All employees working 20 hours or more per week (except for interns, post-doctoral fellows,
employees covered by a sales compensation plan, temporary employees and employees hired after
September 28, 2009), including all of our named executive officers, are eligible to participate in
the fiscal year 2009 annual bonus program. Eligible employees must remain employed by Genentech at
the time awards are paid out under the program in order to receive their awards, if any.

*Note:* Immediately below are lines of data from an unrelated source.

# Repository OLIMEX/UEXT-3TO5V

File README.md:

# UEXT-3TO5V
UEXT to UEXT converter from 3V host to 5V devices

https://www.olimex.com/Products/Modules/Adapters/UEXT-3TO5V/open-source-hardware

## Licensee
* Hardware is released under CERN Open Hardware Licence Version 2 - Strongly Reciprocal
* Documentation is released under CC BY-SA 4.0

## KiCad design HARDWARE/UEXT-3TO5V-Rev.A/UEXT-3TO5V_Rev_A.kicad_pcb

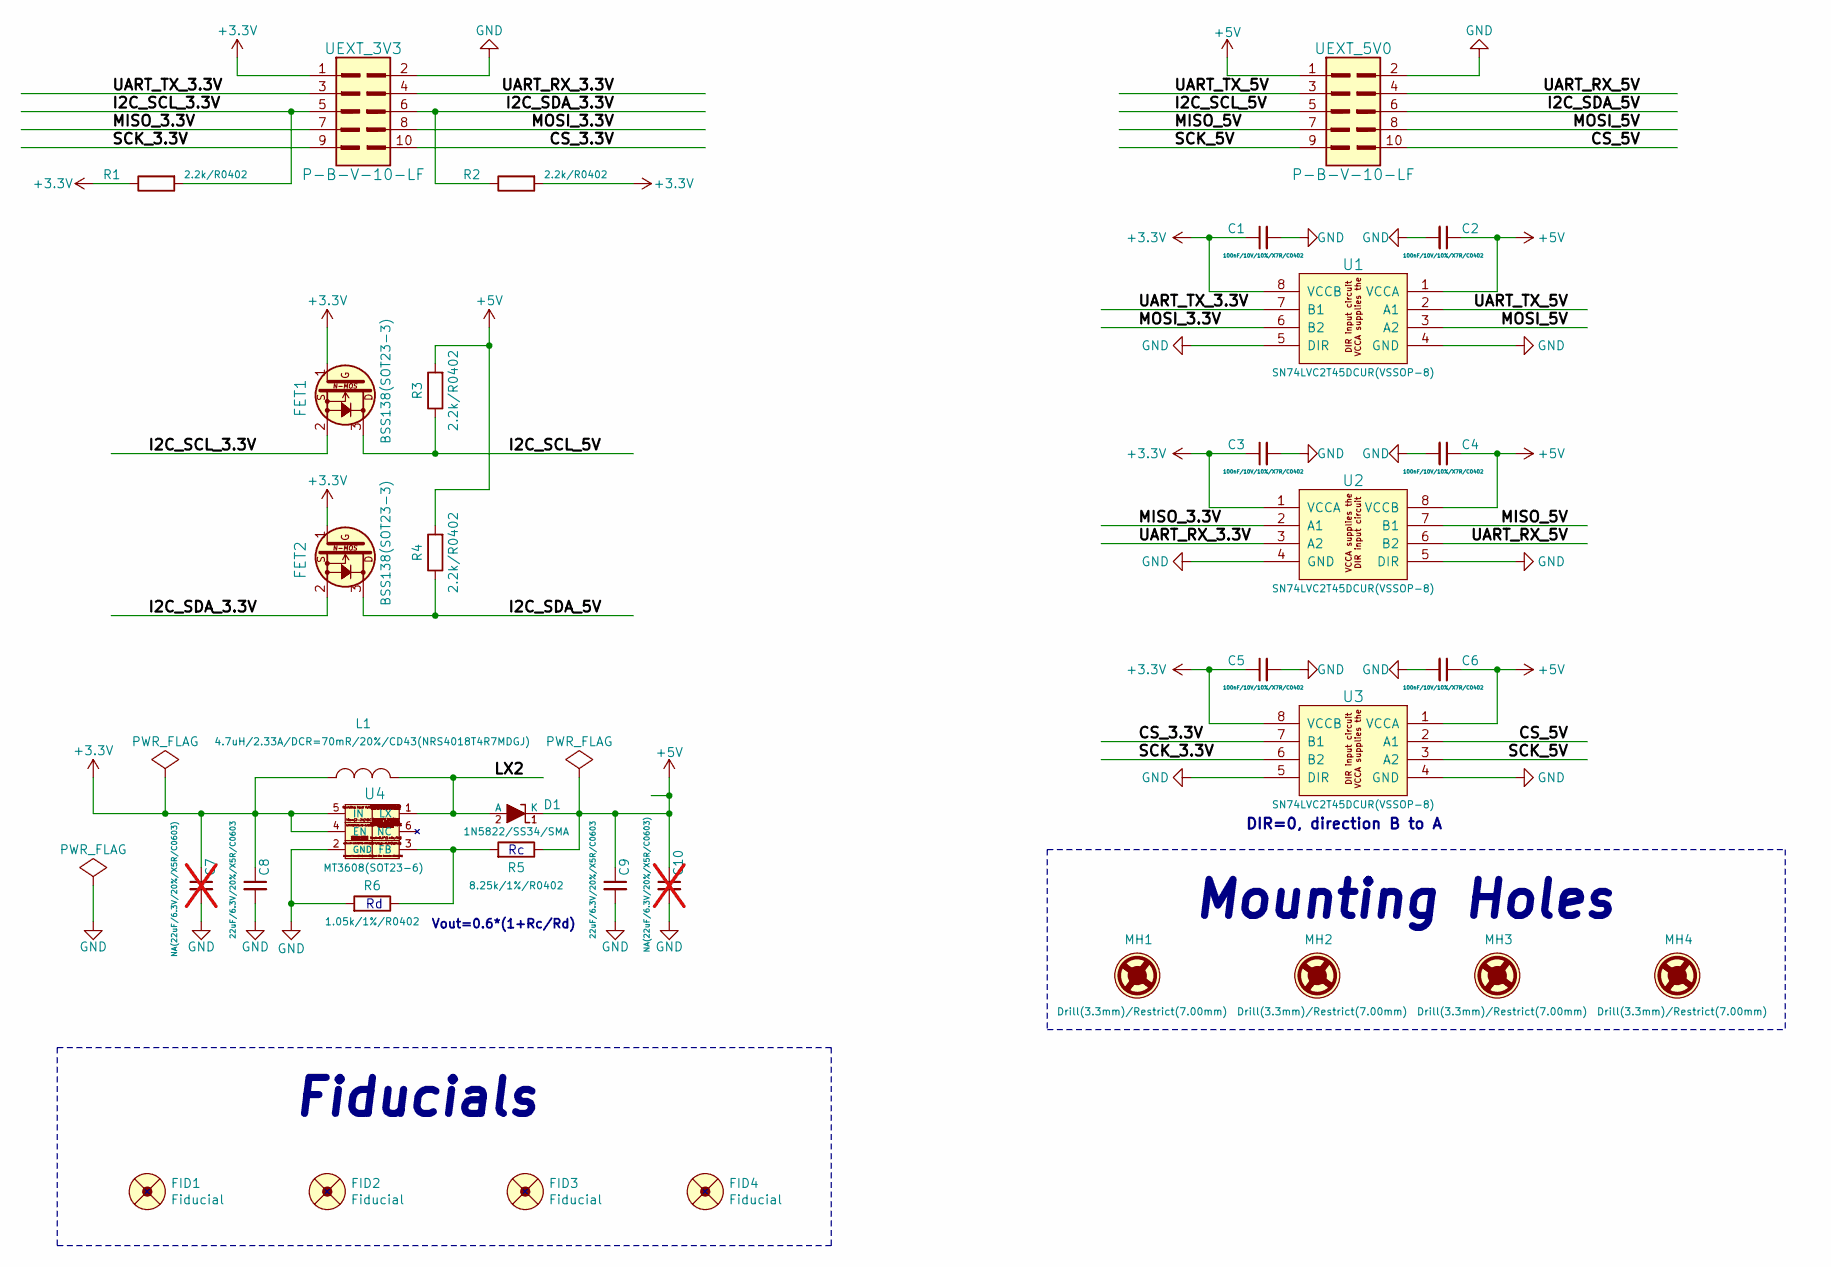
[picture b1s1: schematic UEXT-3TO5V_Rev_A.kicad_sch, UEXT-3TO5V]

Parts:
C1, C2, C3, C4, C5, C6: 100nF/10V/10%/X7R/C0402; C_0402_5MIL_DWS
C7, C10: NA(22uF/6.3V/20%/X5R/C0603); C_0603_5MIL_DWS; not fitted
C8, C9: 22uF/6.3V/20%/X5R/C0603; C_0603_5MIL_DWS
D1: 1N5822/SS34/SMA; SMA-KA
FET1, FET2: BSS138(SOT23-3); SOT23
FID1, FID3: Fiducial; Fiducial1x3
FID2, FID4: Fiducial; Fiducial1x3_Paste
L1: 4.7uH/2.33A/DCR=70mR/20%/CD43(NRS4018T4R7MDGJ); CD42(43)
MH1, MH2, MH3, MH4: Drill(3.3mm)/Restrict(7.00mm); Mounting_Hole_Drill-3.3mm_Clerance-7mm
R1, R2, R3, R4: 2.2k/R0402; R_0402_5MIL_DWS
R5: 8.25k/1%/R0402; R_0402_5MIL_DWS
R6: 1.05k/1%/R0402; R_0402_5MIL_DWS
U1, U2, U3: SN74LVC2T45DCUR(VSSOP-8); VSSOP-8_Pitch-0.50mm_Pad-0.25mm_Dimensions-2.30x2.00x1.00mm
U4: MT3608(SOT23-6); SOT23-6
UEXT_3V3, UEXT_5V0: P-B-V-10-LF; GBH-254-SMT-10

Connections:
+3.3V: C1.1, C3.1, C5.1, C7.1, C8.1, FET1.1 (G), FET2.1 (G), L1.2, R1.1, R2.2, U1.8 (VCCB), U2.1 (VCCA), U3.8 (VCCB), U4.4 (EN), U4.5 (IN), UEXT_3V3.1
+5V: C2.1, C4.1, C6.1, C9.1, C10.1, D1.1 (K), R3.2, R4.2, R5.1, U1.1 (VCCA), U2.8 (VCCB), U3.1 (VCCA), UEXT_5V0.1
/CS_3.3V: U3.7 (B1), UEXT_3V3.10
/CS_5V: U3.2 (A1), UEXT_5V0.10
/I2C_SCL_3.3V: FET1.2 (S), R1.2, UEXT_3V3.5
/I2C_SCL_5V: FET1.3 (D), R3.1, UEXT_5V0.5
/I2C_SDA_3.3V: FET2.2 (S), R2.1, UEXT_3V3.6
/I2C_SDA_5V: FET2.3 (D), R4.1, UEXT_5V0.6
/LX2: D1.2 (A), L1.1, U4.1 (LX)
/MISO_3.3V: U2.2 (A1), UEXT_3V3.7
/MISO_5V: U2.7 (B1), UEXT_5V0.7
/MOSI_3.3V: U1.6 (B2), UEXT_3V3.8
/MOSI_5V: U1.3 (A2), UEXT_5V0.8
/SCK_3.3V: U3.6 (B2), UEXT_3V3.9
/SCK_5V: U3.3 (A2), UEXT_5V0.9
/UART_RX_3.3V: U2.3 (A2), UEXT_3V3.4
/UART_RX_5V: U2.6 (B2), UEXT_5V0.4
/UART_TX_3.3V: U1.7 (B1), UEXT_3V3.3
/UART_TX_5V: U1.2 (A1), UEXT_5V0.3
GND: C1.2, C2.2, C3.2, C4.2, C5.2, C6.2, C7.2, C8.2, C9.2, C10.2, R6.2, U1.4 (GND), U1.5 (DIR), U2.4 (GND), U2.5 (DIR), U3.4 (GND), U3.5 (DIR), U4.2 (GND), UEXT_3V3.2, UEXT_5V0.2
unnamed: R5.2, R6.1, U4.3 (FB)

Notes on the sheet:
DIR=0, direction B to A
Mounting Holes
Fiducials
Vout=0.6*(1+Rc/Rd)

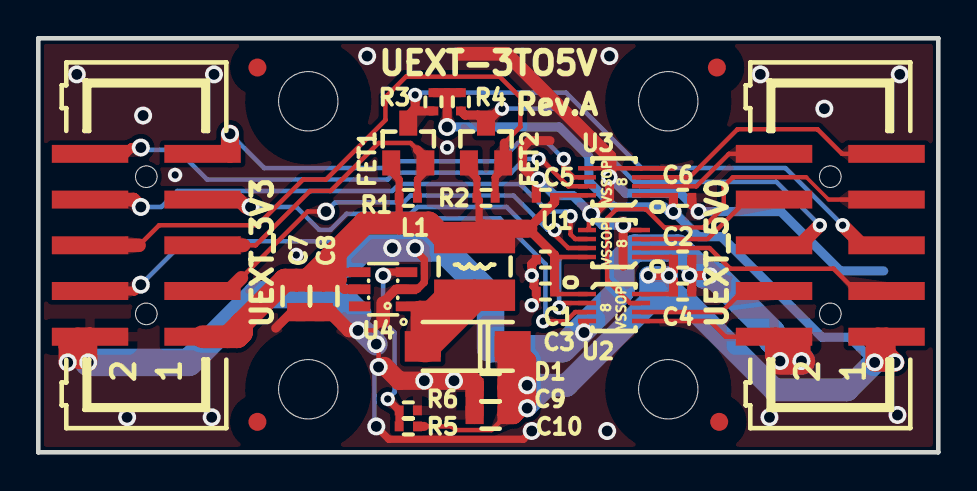
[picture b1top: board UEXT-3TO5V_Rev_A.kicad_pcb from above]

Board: 2 copper layers, 50.0 x 23.0 mm, 41 parts (7 on the bottom side), 21 nets.

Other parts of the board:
Logo_OLIMEX_TB-Top: Logo_OLIMEX_TB
Sign_Antistatic: Sign_Antistatic
Sign_CE: CE_Sign
Sign_OSHW_8x8: Sign_OSHW_8x8
Sign_PB-Free: Sign_PB-Free
Sign_RecycleBin: Sign_RecycleBin; Sign_RecycleBin_1
Sign_RoHS: Sign_RoHS; Sign_RoHS_1

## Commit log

2025-06-04 initial upload

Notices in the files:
HARDWARE/UEXT-3TO5V-Rev.A/UEXT-3TO5V_Rev_A.kicad_pcb:
(C) 2025

The
Compensation Committee may modify, amend, revoke or suspend the annual bonus program at any time in
its sole discretion.
On February 12, 2009, the Compensation Committee approved corporate goals and associated bonus
target amounts for fiscal year 2009. The Compensation Committee approved targets and goals in the
following four categories, weighted as indicated: (i) corporate/financial goals, including growth
in earnings per share and achievement of an operating margin target (30%); (ii) research and
development goals relating to new molecular entities, patient enrollment, regulatory filings and
the advancement of certain clinical trials (35%); (iii) commercial goals relating to product sales,
expenses and reimbursement (20%); and (iv) product manufacturing and regulatory goals relating to
regulatory inspections, inventory levels, facility licensure, qualification batches, production
costs and facility operations (15%).
An additional amount may be added to the bonus pool if we achieve certain earnings per share growth
and operating revenue growth that are above the median of those same financial measures from a
group of thirteen peer companies in the pharmaceutical and biotechnology industries.
The actual bonuses payable for fiscal year 2009, if any, will vary depending on the extent to which
actual performance meets, exceeds, or falls short of the corporate goals approved by the
Compensation Committee. Management and the Compensation Committee retain the discretion to
increase, reduce or eliminate the bonus that otherwise might be payable to any individual based on
actual performance as compared to pre-established goals. The specific amounts payable to
participants in the bonus program, including named executive officers, have not been determined.